*** Opening DATASET RECORDS ***

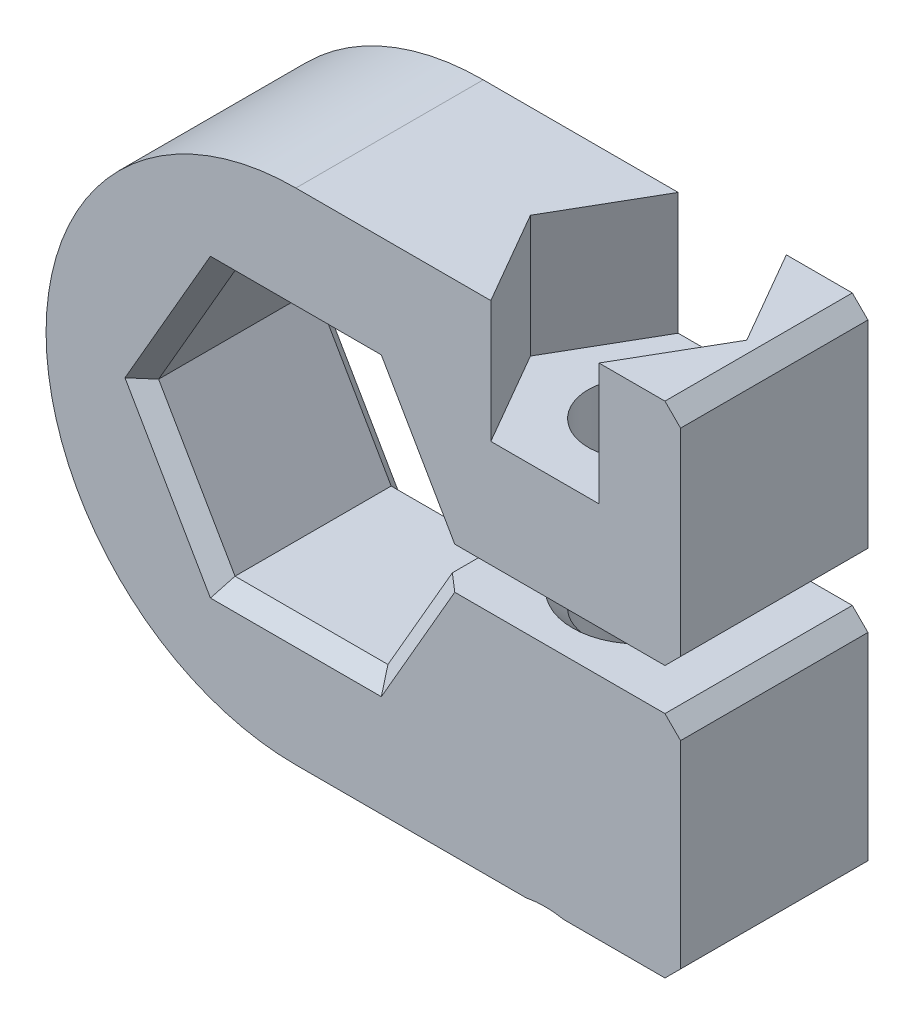
SolidWorks part; units mm, degrees
material "PET"
ref_plane "Front Plane" through (0, 0, 0) normal (0, 0, 1) x (1, 0, 0)
ref_plane "Top Plane" through (0, 0, 0) normal (0, 1, 0) x (1, 0, 0)
ref_plane "Right Plane" through (0, 0, 0) normal (1, 0, 0) x (0, 0, -1)
sketch "Sketch2" plane through (0, 0, 0) normal (0, 0, 1) x (1, 0, 0)
  line L0 (9.779, -12.7) -> (9.779, -1.0583) construction
  line L1 (3.8861, 6.731) -> (-3.8861, 6.731) construction
  line L2 (-3.8861, 6.731) -> (-7.7723, 0) construction
  line L3 (-7.7723, 0) -> (-3.8861, -6.731) construction
  line L4 (-3.8861, -6.731) -> (3.8861, -6.731) construction
  line L5 (3.8861, -6.731) -> (7.7723, 0) construction
  line L6 (7.7723, 0) -> (3.8861, 6.731) construction
  line L8 (3.8861, -6.731) -> (7.1613, -1.0583)
  line L9 (-3.8861, -6.731) -> (3.8861, -6.731)
  line L10 (-7.7723, 0) -> (-3.8861, -6.731)
  line L11 (-3.8861, 6.731) -> (-7.7723, 0)
  line L12 (3.8861, 6.731) -> (-3.8861, 6.731)
  line L13 (7.1613, 1.0583) -> (3.8861, 6.731)
  line L14 (9.779, 1.0583) -> (7.1613, 1.0583)
  line L15 (7.1613, -1.0583) -> (9.779, -1.0583)
  line L32 (9.779, 1.0583) -> (19.558, 1.0583)
  line L34 (19.558, 1.0583) -> (19.558, 12.7)
  line L36 (19.558, 12.7) -> (0, 12.7)
  line L37 (0, -12.7) -> (19.558, -12.7)
  line L39 (19.558, -12.7) -> (19.558, -1.0583)
  line L41 (19.558, -1.0583) -> (9.779, -1.0583)
  line L48 (15.875, 1.0583) -> (8.9943, 1.0583) construction
  line L49 (0, 12.7) -> (15.875, 12.7) construction
  circle A0 centre (0, 0) radius 6.731 construction
  arc A2 (0, 12.7) -> (0, -12.7) centre (0, 0) ccw
  point P46 (-12.7, 0)
  dimension "D2" = 32.258
  dimension "D1" = 13.462
extrude "Boss-Extrude1" add sketch "Sketch2" along normal blind 9.525
chamfer "Chamfer1" distance 0.7937 angle 45 16 edges at (5.5237, -3.8947, 0) (0, -6.731, 0) (-5.8292, -3.3655, 0) (-5.8292, 3.3655, 0) (0, 6.731, 0) (5.5237, 3.8947, 0) (5.5237, 3.8947, 9.525) (0, 6.731, 9.525) (-5.8292, 3.3655, 9.525) (-5.8292, -3.3655, 9.525) (0, -6.731, 9.525) (5.5237, -3.8947, 9.525) (19.558, -12.7, 4.7625) (19.558, 12.7, 4.7625) (19.558, 1.0583, 4.7625) (19.558, -1.0583, 4.7625)
sketch "Sketch3" plane through (0, 12.7, 0) normal (0, 1, 0) x (1, 0, 0)
  line L0 (7.1613, -8.7312) -> (7.1613, -0.7938) construction
  line L1 (15.4102, -9.525) -> (18.1598, -4.7625)
  line L2 (19.558, -9.525) -> (19.558, 0) construction
  line L5 (18.1598, -4.7625) -> (15.4102, 0)
  line L6 (15.4102, 0) -> (9.9109, 0)
  line L7 (9.9109, 0) -> (7.1613, -4.7625)
  line L8 (7.1613, -4.7625) -> (9.9109, -9.525)
  line L9 (9.9109, -9.525) -> (15.4102, -9.525)
  circle A0 centre (12.6605, -4.7625) radius 2.5527
  circle A1 centre (12.6605, -4.7625) radius 4.7625 construction
  point P7 (19.558, -4.7625)
  dimension "D1" = 5.1054
  dimension "D2" = 9.525
extrude "Cut-Extrude1" cut sketch "Sketch3" against normal through all contours A0 region at (12.6605, 12.7, 4.7625)
sketch "Sketch4" plane through (0, 12.7, 0) normal (0, 1, 0) x (1, 0, 0)
  line L1 (9.9109, -9.525) -> (15.4102, -9.525)
  line L2 (15.4102, -9.525) -> (18.1598, -4.7625)
  line L3 (18.1598, -4.7625) -> (15.4102, 0)
  line L4 (15.4102, 0) -> (9.9109, 0)
  line L5 (9.9109, 0) -> (7.1613, -4.7625)
  line L6 (7.1613, -4.7625) -> (9.9109, -9.525)
  circle A0 centre (12.6605, -4.7625) radius 4.7625 construction
  dimension "D1" = 9.525
extrude "Cut-Extrude2" cut sketch "Sketch4" against normal blind 6.2
sketch "Sketch5" plane through (0, -12.7, 0) normal (0, -1, 0) x (1, 0, 0)
  circle A0 centre (12.6605, 4.7625) radius 4.064
  dimension "D1" = 8.128
extrude "Cut-Extrude3" cut sketch "Sketch5" against normal blind 6.35
chamfer "Chaflán1" distance 0.7937 angle 45 3 edges at (16.7245, -12.7, 4.7625) (15.2132, -1.0583, 4.7625) (12.6605, 1.0583, 7.3152)
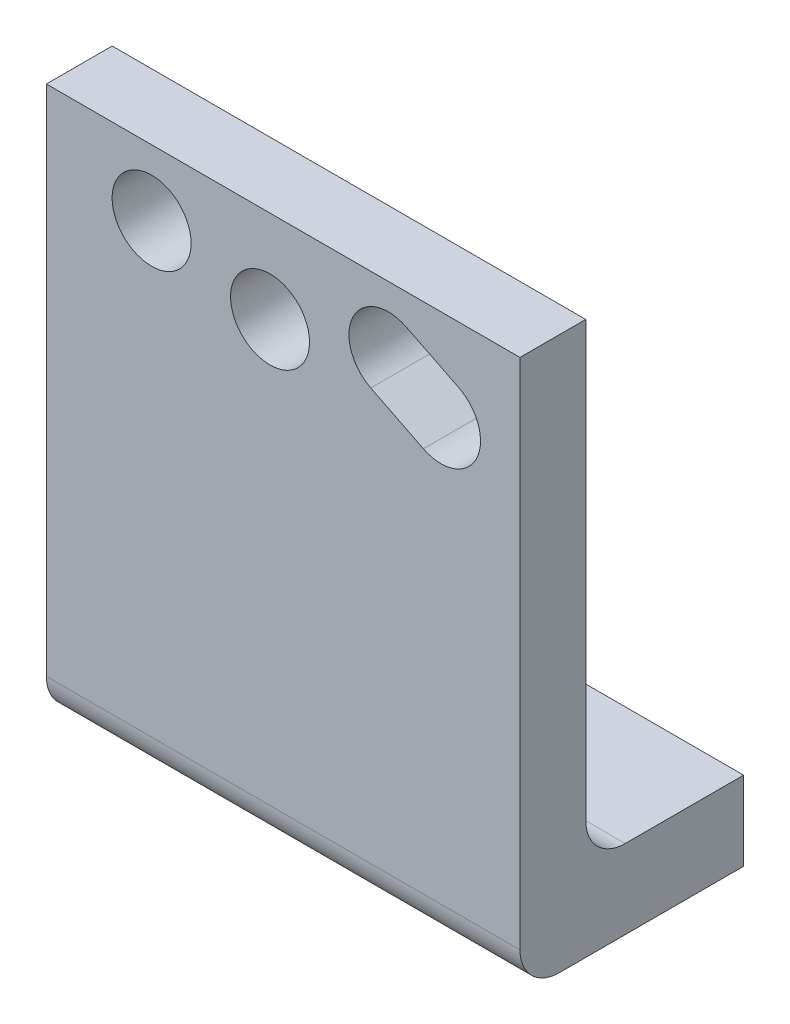
SolidWorks part; units mm, degrees
ref_plane "Front Plane" through (0, 0, 0) normal (0, 0, 1) x (1, 0, 0)
ref_plane "Top Plane" through (0, 0, 0) normal (0, 1, 0) x (1, 0, 0)
ref_plane "Right Plane" through (0, 0, 0) normal (1, 0, 0) x (0, 0, -1)
sketch "Sketch1" plane through (0, 0, 0) normal (0, 0, 1) x (1, 0, 0)
  line L0 (-9, 8) -> (9, 8) construction
  line L1 (-9, 10.5) -> (9, 10.5)
  line L2 (-9, 10.5) -> (-9, -10.5)
  line L3 (-9, -10.5) -> (9, -10.5)
  line L4 (9, 10.5) -> (9, -10.5)
  line L5 (-9, 10.5) -> (9, -10.5) construction
  line L6 (-9, -10.5) -> (9, 10.5) construction
  line L7 (-9, 3.5) -> (9, 3.5) construction
  line L8 (-9, -10.5) -> (9, -10.5)
  line L9 (-9, -10.5) -> (-9, -7.5)
  line L10 (-9, -7.5) -> (9, -7.5)
  line L11 (9, -10.5) -> (9, -7.5)
  line L12 (-9, 7) -> (9, 7) construction
  line L13 (4.6708, 9.3416) -> (6.6708, 8.3416)
  line L14 (5.3292, 5.6584) -> (3.3292, 6.6584)
  circle A0 centre (-5, 8) radius 1.5
  circle A1 centre (4, 8) radius 1.5
  circle A2 centre (6, 7) radius 1.5
  circle A3 centre (-0.5, 7) radius 1.5
  point P0 (0, 0)
  dimension "D11" = 3
  dimension "D1" = 11
  dimension "D2" = 3
  dimension "D3" = 18
  dimension "D4" = 7
  dimension "D5" = 4.5
  dimension "D6" = 3.5
  dimension "D7" = 6.5
  dimension "D8" = 9
  dimension "D9" = 4
  dimension "D10" = 3
  dimension "D12" = 3.5
extrude "Boss-Extrude1" add sketch "Sketch1" along normal blind 2.5 contours L2 L10 L4 L1 A3 A2 L14 A1 L13 A0 | L10 L2 L3 L4 region at (-0.1013, 0.9343, 0) region at (0, -9, 0)
extrude "Boss-Extrude2" add sketch "Sketch1<3>" against normal blind 6 contours L10 L2 L3 L4 region at (0, -9, 0)
sketch "Sketch1<3>" plane through (0, 0, 0) normal (0, 0, 1) x (1, 0, 0) same geometry as "Sketch1"
fillet "Fillet1" radius 1.5 2 edges at (0, -10.5, 2.5) (0, -7.5, 0)

*** Closing DATASET RECORDS ***

> **EXERCISE BRIEF**: Your task is to collect every line above that contains the word "along".

> **EXERCISE ANSWER**:
extrude "Boss-Extrude1" add sketch "Sketch2" along normal blind 9.525
extrude "Boss-Extrude1" add sketch "Sketch1" along normal blind 2.5 contours L2 L10 L4 L1 A3 A2 L14 A1 L13 A0 | L10 L2 L3 L4 region at (-0.1013, 0.9343, 0) region at (0, -9, 0)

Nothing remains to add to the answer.